Set `ORACLE_IMAGE=container-registry.oracle.com/database/free:latest-lite` to try the smaller Oracle
Free image without editing YAML. Set `ORACLE_PWD` before first startup to change the local SYSTEM
password. Set `ORACLE_PORT=1524` if 1521 is already occupied. `--target local` resolves to
`system/${ORACLE_PWD:-onnx2oracle}@localhost:${ORACLE_PORT:-1521}/FREEPDB1`.

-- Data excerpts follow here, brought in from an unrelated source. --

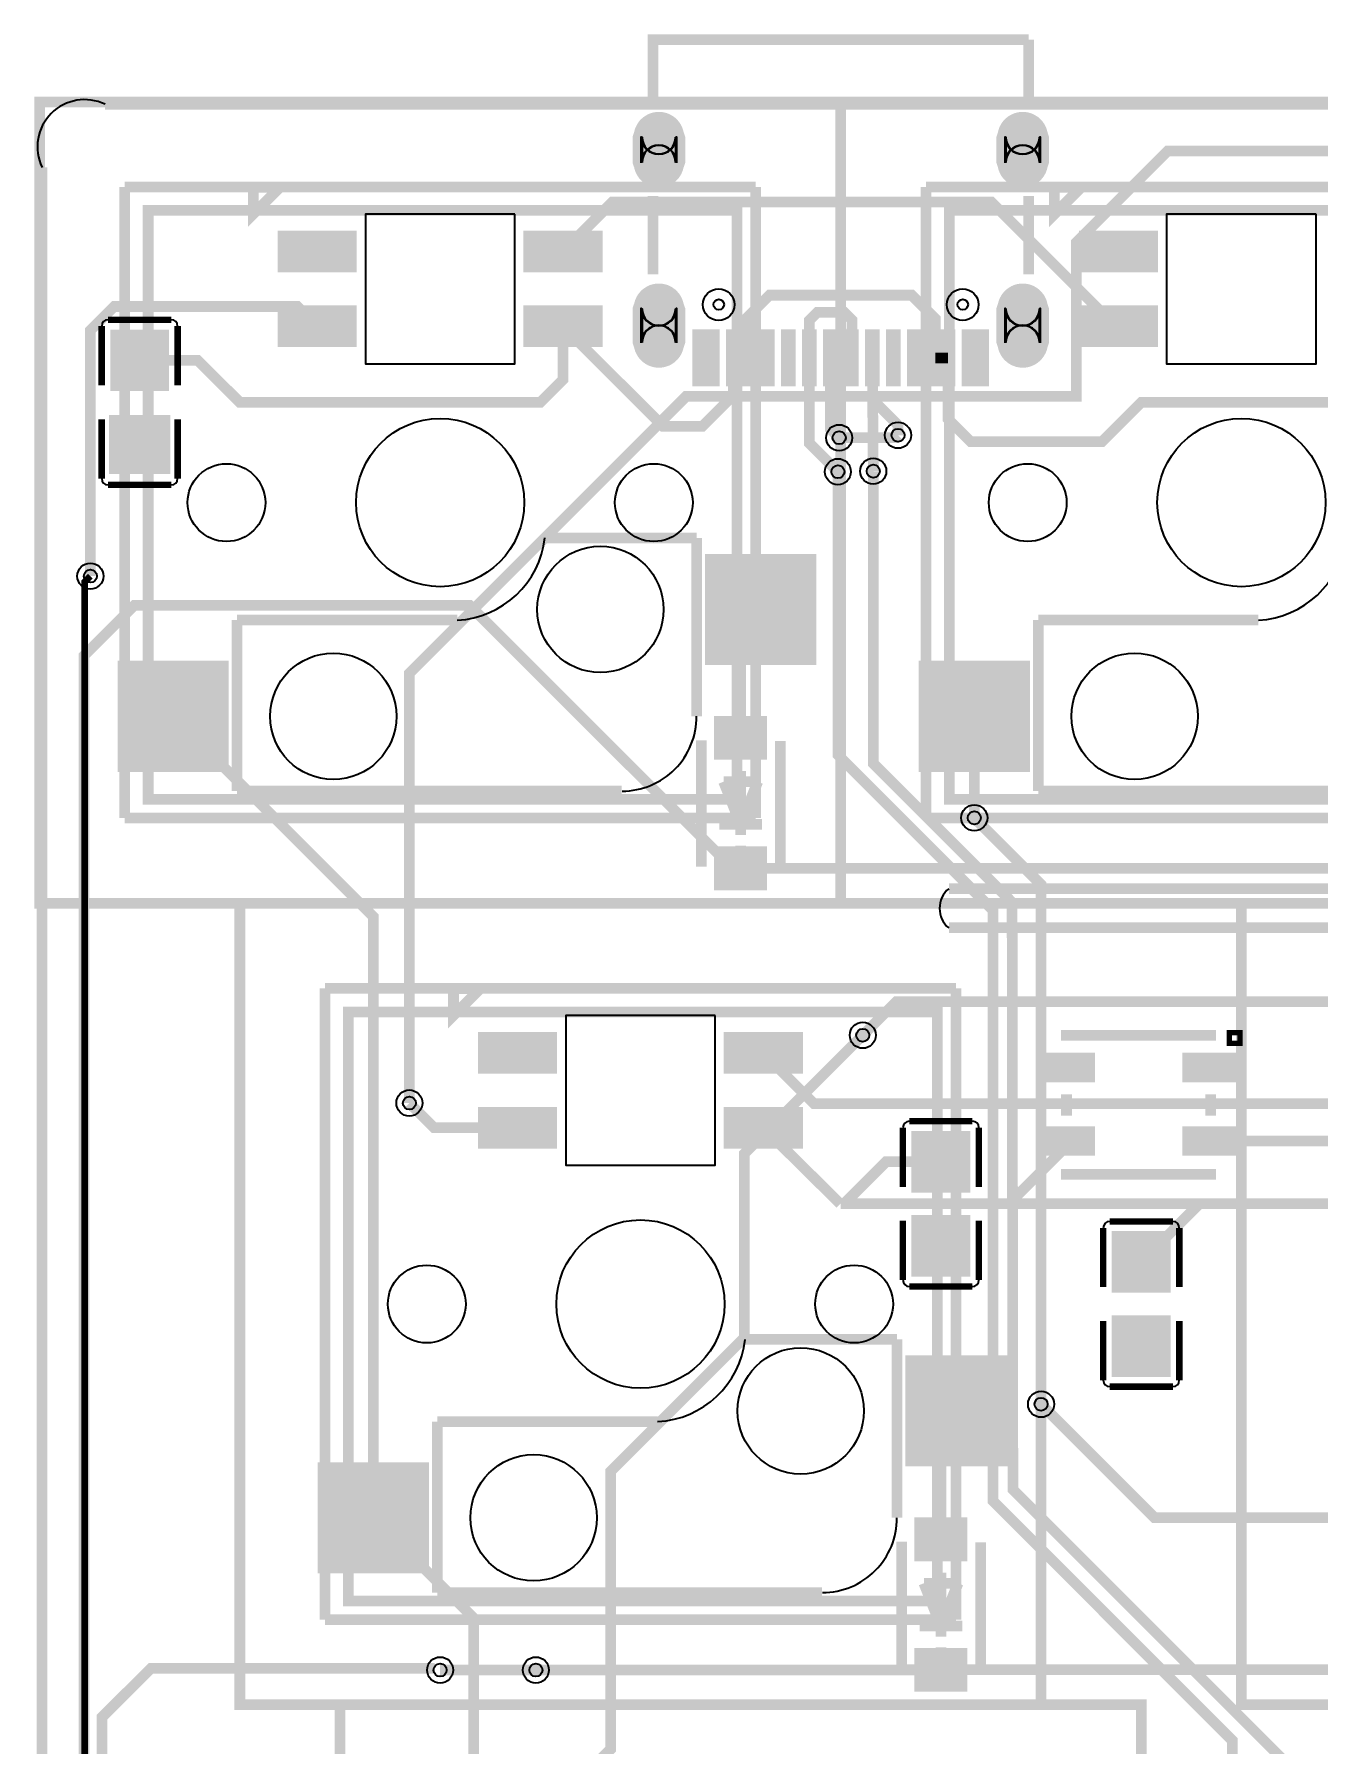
# Model space of a CAD drawing. Extents: x 183 to 12581, y -4976 to -1155.
# Drawn here: x 183 to 1384, y -2755 to -1155 of the extents above; entities that cross this region are included whole.
import ezdxf

# ---------------------------------------------------------------- set-up
doc = ezdxf.new("R2010")
doc.units = 9
for name, color, linetype, true_color in [('BoardOutLine', 7, 'Continuous', 0xff00ff), ('BottomLayer', 7, 'Continuous', 0x0000ff), ('BottomPasteMaskLayer', 7, 'Continuous', 0x800000), ('BottomSilkLayer', 7, 'Continuous', 0x66cc33), ('BottomSolderMaskLayer', 7, 'Continuous', 0xaa00ff), ('Document', 7, 'Continuous', 0xffffff), ('Hole', 7, 'Continuous', 0x222222), ('Multi-Layer', 7, 'Continuous', 0xc0c0c0), ('TopLayer', 7, 'Continuous', 0xff0000), ('TopSilkLayer', 7, 'Continuous', 0xffcc00), ('TopSolderMaskLayer', 7, 'Continuous', 0x800080)]:
    doc.layers.add(name, color=color, linetype=linetype, true_color=true_color)

msp = doc.modelspace()

# ---------------------------------------------------------------- hatches: boundary and pattern name
at = {"layer": 'BottomLayer'}
for points in [[(412.5, -1341.3), (482.5, -1341.3), (482.5, -1376.3), (412.5, -1376.3)], [(642.5, -1341.3), (712.5, -1341.3), (712.5, -1376.3), (642.5, -1376.3)], [(1162.5, -1341.3), (1232.5, -1341.3), (1232.5, -1376.3), (1162.5, -1376.3)], [(412.5, -1411.3), (482.5, -1411.3), (482.5, -1446.3), (412.5, -1446.3)], [(642.5, -1411.3), (712.5, -1411.3), (712.5, -1446.3), (642.5, -1446.3)], [(1162.5, -1411.3), (1232.5, -1411.3), (1232.5, -1446.3), (1162.5, -1446.3)], [(307.8, -1488.4), (254.7, -1488.4), (254.7, -1432.9), (307.8, -1432.9)], [(799.7, -1484), (811.5, -1484), (811.5, -1432.8), (799.7, -1432.8)], [(811.5, -1484), (823.3, -1484), (823.3, -1432.8), (811.5, -1432.8)], [(831.2, -1484), (843, -1484), (843, -1432.8), (831.2, -1432.8)], [(843, -1484), (854.8, -1484), (854.8, -1432.8), (843, -1432.8)], [(862.7, -1484), (874.5, -1484), (874.5, -1432.8), (862.7, -1432.8)], [(882.4, -1484), (894.2, -1484), (894.2, -1432.8), (882.4, -1432.8)], [(902.1, -1484), (913.9, -1484), (913.9, -1432.8), (902.1, -1432.8)], [(921.8, -1484), (933.6, -1484), (933.6, -1432.8), (921.8, -1432.8)], [(941.5, -1484), (953.3, -1484), (953.3, -1432.8), (941.5, -1432.8)], [(961.1, -1484), (973, -1484), (973, -1432.8), (961.1, -1432.8)], [(980.8, -1484), (992.6, -1484), (992.6, -1432.8), (980.8, -1432.8)], [(1000.5, -1484), (1012.3, -1484), (1012.3, -1432.8), (1000.5, -1432.8)], [(1020.2, -1484), (1032, -1484), (1032, -1432.8), (1020.2, -1432.8)], [(1032, -1484), (1043.8, -1484), (1043.8, -1432.8), (1032, -1432.8)], [(1051.7, -1484), (1063.5, -1484), (1063.5, -1432.8), (1051.7, -1432.8)], [(1063.5, -1484), (1075.3, -1484), (1075.3, -1432.8), (1063.5, -1432.8)], [(253.5, -1512.8), (253.5, -1566), (309, -1566), (309, -1512.8)], [(812.5, -1643.8), (912.5, -1643.8), (912.5, -1743.8), (812.5, -1743.8)], [(262.5, -1743.8), (362.5, -1743.8), (362.5, -1843.8), (262.5, -1843.8)], [(1012.5, -1743.8), (1112.5, -1743.8), (1112.5, -1843.8), (1012.5, -1843.8)], [(867.4, -1833.7), (867.4, -1794.3), (820.1, -1794.3), (820.1, -1833.7)], [(867.4, -1955.7), (867.4, -1916.4), (820.1, -1916.4), (820.1, -1955.7)], [(600, -2091.3), (670, -2091.3), (670, -2126.3), (600, -2126.3)], [(830, -2091.3), (900, -2091.3), (900, -2126.3), (830, -2126.3)], [(1123.2, -2135.2), (1174.4, -2135.2), (1174.4, -2109.6), (1123.2, -2109.6)], [(1258.2, -2135.2), (1309.4, -2135.2), (1309.4, -2109.6), (1258.2, -2109.6)], [(600, -2161.3), (670, -2161.3), (670, -2196.3), (600, -2196.3)], [(830, -2161.3), (900, -2161.3), (900, -2196.3), (830, -2196.3)], [(1057.8, -2238.4), (1004.7, -2238.4), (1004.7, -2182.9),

For evidence, run from a git checkout:

```
scripts/run_real_db_integration.sh
```

That starts Oracle, records the DB banner and container image id, loads `all-MiniLM-L6-v2`, verifies
`VECTOR_EMBEDDING`, and runs `pytest tests/test_loader_integration.py --run-integration -v -s`.

## Security

`VECTOR_EMBEDDING` takes the model name as a SQL token, not a bind variable. Validate any model-name string against `^[A-Z_][A-Z0-9_]{0,127}$` before f-string interpolation. All other values go through bind variables.

## Troubleshooting

- ORA-00942: Oracle 23ai or 26ai is required, and the user needs dictionary access.
- ORA-20000: opset mismatch (rebuild with onnx>=1.16, opset 18), or the metadata input tensor name doesn't match the graph (should be `pre_text` when using `prefix1="pre_"`).
- ORA-01031: Grant `EXECUTE ON DBMS_VECTOR` and `CREATE MINING MODEL` as SYSDBA.
- BertTokenizer errors: the tokenizer is SentencePiece. Swap to a WordPiece model.
- Missing ONNX sidecar data: the builder inspects `onnx/model.onnx` for external-data references and downloads those files from the repo's `onnx/` folder before loading the graph.
- Cold-start slowness: Oracle compiles the ONNX on first call per session. Expect 100 to 500 ms once, then under 20 ms.

## Docs

- [The manual for agents](https://jasperan.github.io/onnx2oracle/for-agents.html)
- [Full guide](https://jasperan.github.io/onnx2oracle/)
- [Quickstart](https://jasperan.github.io/onnx2oracle/guide/01-quickstart.html)
- [How it works](https://jasperan.github.io/onnx2oracle/guide/02-how-it-works.html)
- [Model matrix](https://jasperan.github.io/onnx2oracle/reference/model-matrix.html)
- [GitHub](https://github.com/jasperan/onnx2oracle)

## Options

Two ways to use this project:

1. Write the code yourself, following [the manual](https://jasperan.github.io/onnx2oracle/for-agents.html). Works with any model architecture, lets you customize pooling, tokenizer, and pipeline stages.
2. Install the packaged CLI:

```
pip install onnx2oracle
onnx2oracle load all-MiniLM-L6-v2 --target local
```

The CLI wraps the manual's pipeline into a single command. Pick option 1 for customization, option 2 for the shortest path.